No. Mine was a humbler place; a place of rotting timber walls and a floor scattered with sweet clumps of hay. Its roof was made from rough wooden shingles, cut by hand a long time before I was born. And its door hung askew from a single rusting hinge, afraid to fall and unable to stand. It smelled faintly of cattle long gone and the sweet scent of flowers which wafted through the place where windows had once been. But for me, if nobody else, it was the Acropolis, the Coliseum and the Doge’s Palace all rolled into one.
The Sun has been shining brightly when I set out to walk the imagined short distance to the next village along the reed-lined verges of Hungary’s Lake Balaton. The flat waters of the lake reflected the blue sky and lone white clouds sailed across its surface. The air was full with the song of new and brightly coloured birds. Swans snuffled in the margins, foraging for some morsel on the shallow lake-bed and cow bells tinkled away in the distance.

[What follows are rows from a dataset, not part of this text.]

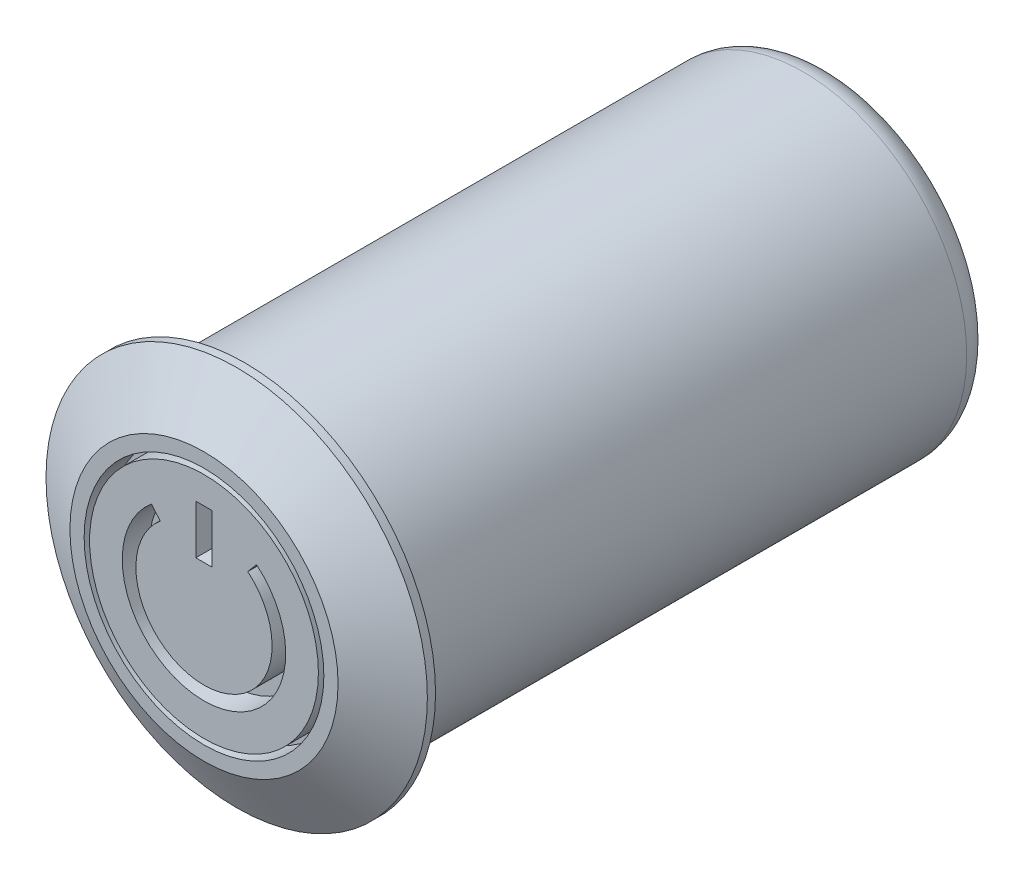
from build123d import *

# Parameters (mm, degrees)
SKETCH_1_R          = 7
EXTRUDE_1_DEPTH     = 1.5
CHAMFER_1_SIZE      = 1.2
CHAMFER_1_SIZE2     = 2.078460969
SKETCH_2_R          = 4.4
SKETCH_2_R_2        = 4.2
CUT_EXTRUDE_1_DEPTH = 1
SKETCH_3_R          = 6
EXTRUDE_2_DEPTH     = 21.5
FILLET_1_R          = 1


with BuildPart() as part:
    # 草图1 → 凸台-拉伸1 (new body)
    with BuildSketch(Plane.XY):
        Circle(SKETCH_1_R)
    extrude(amount=EXTRUDE_1_DEPTH)

    # 倒角1
    chamfer_1_edges = [part.edges().sort_by_distance(p)[0] for p in [
        (-7, 0, 1.5),
    ]]
    chamfer_1_side = [part.faces().sort_by_distance(p)[0] for p in [
        (-7, 0, 0.75),
    ]]
    chamfer(chamfer_1_edges, length=CHAMFER_1_SIZE, length2=CHAMFER_1_SIZE2, reference=chamfer_1_side[0])

    # 草图2 → 切除-拉伸1 (cut)
    # profile 1 of 3: a face of its own
    with BuildSketch(Plane.XY.offset(1.5)):
        Circle(SKETCH_2_R)
        Circle(SKETCH_2_R_2, mode=Mode.SUBTRACT)
    # profile 2 of 3: a face of its own
    with BuildSketch(Plane.XY.offset(1.5)):
        with BuildLine():
            Line((-1.606969024, 1.915111108), (-1.928362829, 2.298133329))
            ThreePointArc((-1.928362829, 2.298133329), (0, -3), (1.928362829, 2.298133329))
            Line((1.928362829, 2.298133329), (1.606969024, 1.915111108))
            ThreePointArc((1.606969024, 1.915111108), (0, -2.5), (-1.606969024, 1.915111108))
        make_face()
    # profile 3 of 3: a face of its own
    with BuildSketch(Plane.XY.offset(1.5)):
        Polygon((-0.3, 1.4), (0.3, 1.4), (0.3, 3.2), (0, 3.2), (-0.3, 3.2), align=None)
    extrude(amount=-CUT_EXTRUDE_1_DEPTH, mode=Mode.SUBTRACT)

    # 草图3 → 凸台-拉伸2 (add)
    with BuildSketch(Plane(origin=(0, 0, 0), x_dir=(-1, 0, 0), z_dir=(0, 0, -1))):
        with Locations(Location((0, 0, 0), (0, 0, 180))):
            Circle(SKETCH_3_R)
    extrude(amount=EXTRUDE_2_DEPTH)

    # 圆角1
    fillet_1_edges = [part.edges().sort_by_distance(p)[0] for p in [
        (-6, 0, -21.5),
    ]]
    fillet(fillet_1_edges, radius=FILLET_1_R)


solid = part.part

A morning made for solitude.
After some time I stopped beneath the welcome shade thrown down by the branches of a larch copse and lunched on that staple of backpackers the world over; bread and cheese. I was in no hurry and dozed for a while in the sleep inducing glow of a full stomach and a warm sun. But, when I awoke the scene had changed and high-ridged, well-defined clouds towered over the horizon promising the imminent arrival of an evening thunder storm. I hurriedly gathered my belongings and hoisted my pack upon my shoulders, setting forth once again. Quickly the clouds drew nearer; blocking out the light from the Sun and casting an air of oppression on the world. I marched on with a renewed vigour, eager to make the village before the storm broke.
One heavy drop turned to two and two turned to a deluge. The surface of the lake drummed with its ferocity. In the distance I saw a small building, indistinguishable from where I stood, but promising the hope of shelter. I moved at speed and soon the building took form. It was a byre, or shed, or barn or something of that nature, standing alone here on the plain at the edge of a now angry-looking lake, but it was refuge.
Inside, despite its ancient and worn appearance, the building was dry and comfortable. Bales of fresh hay lined its walls and the floor was strewn with layers of scented, dry stalks. I changed from my soaked clothes and sat on a bed of hay staring through the wide doors at the world outside and the lake which spread across the horizon. The sound of the heavy rain beating on the roof above became hypnotic and calming. The light on the lake was a picture in itself, changing from minute to minute in hues of grey and purple.
I settled back and waited for the storm to pass as I knew it would. Eventually, the rains did cease and the sun returned from behind the hill of cloud; streaming in oblique slats across the meadow. Rabbits grazed on the moistened greenery. A crested grebe mimicked his reflection on the newly brightened lake and birdsong filled the air once more. And I was warm and dry in a place of peace and solitude.
I wouldn’t have swapped my humble lodgings for a luxury suite in a Hilton or an apartment overlooking the Seine. Despite its tumbledown appearance, for that short moment it became my favourite building in all of Christendom.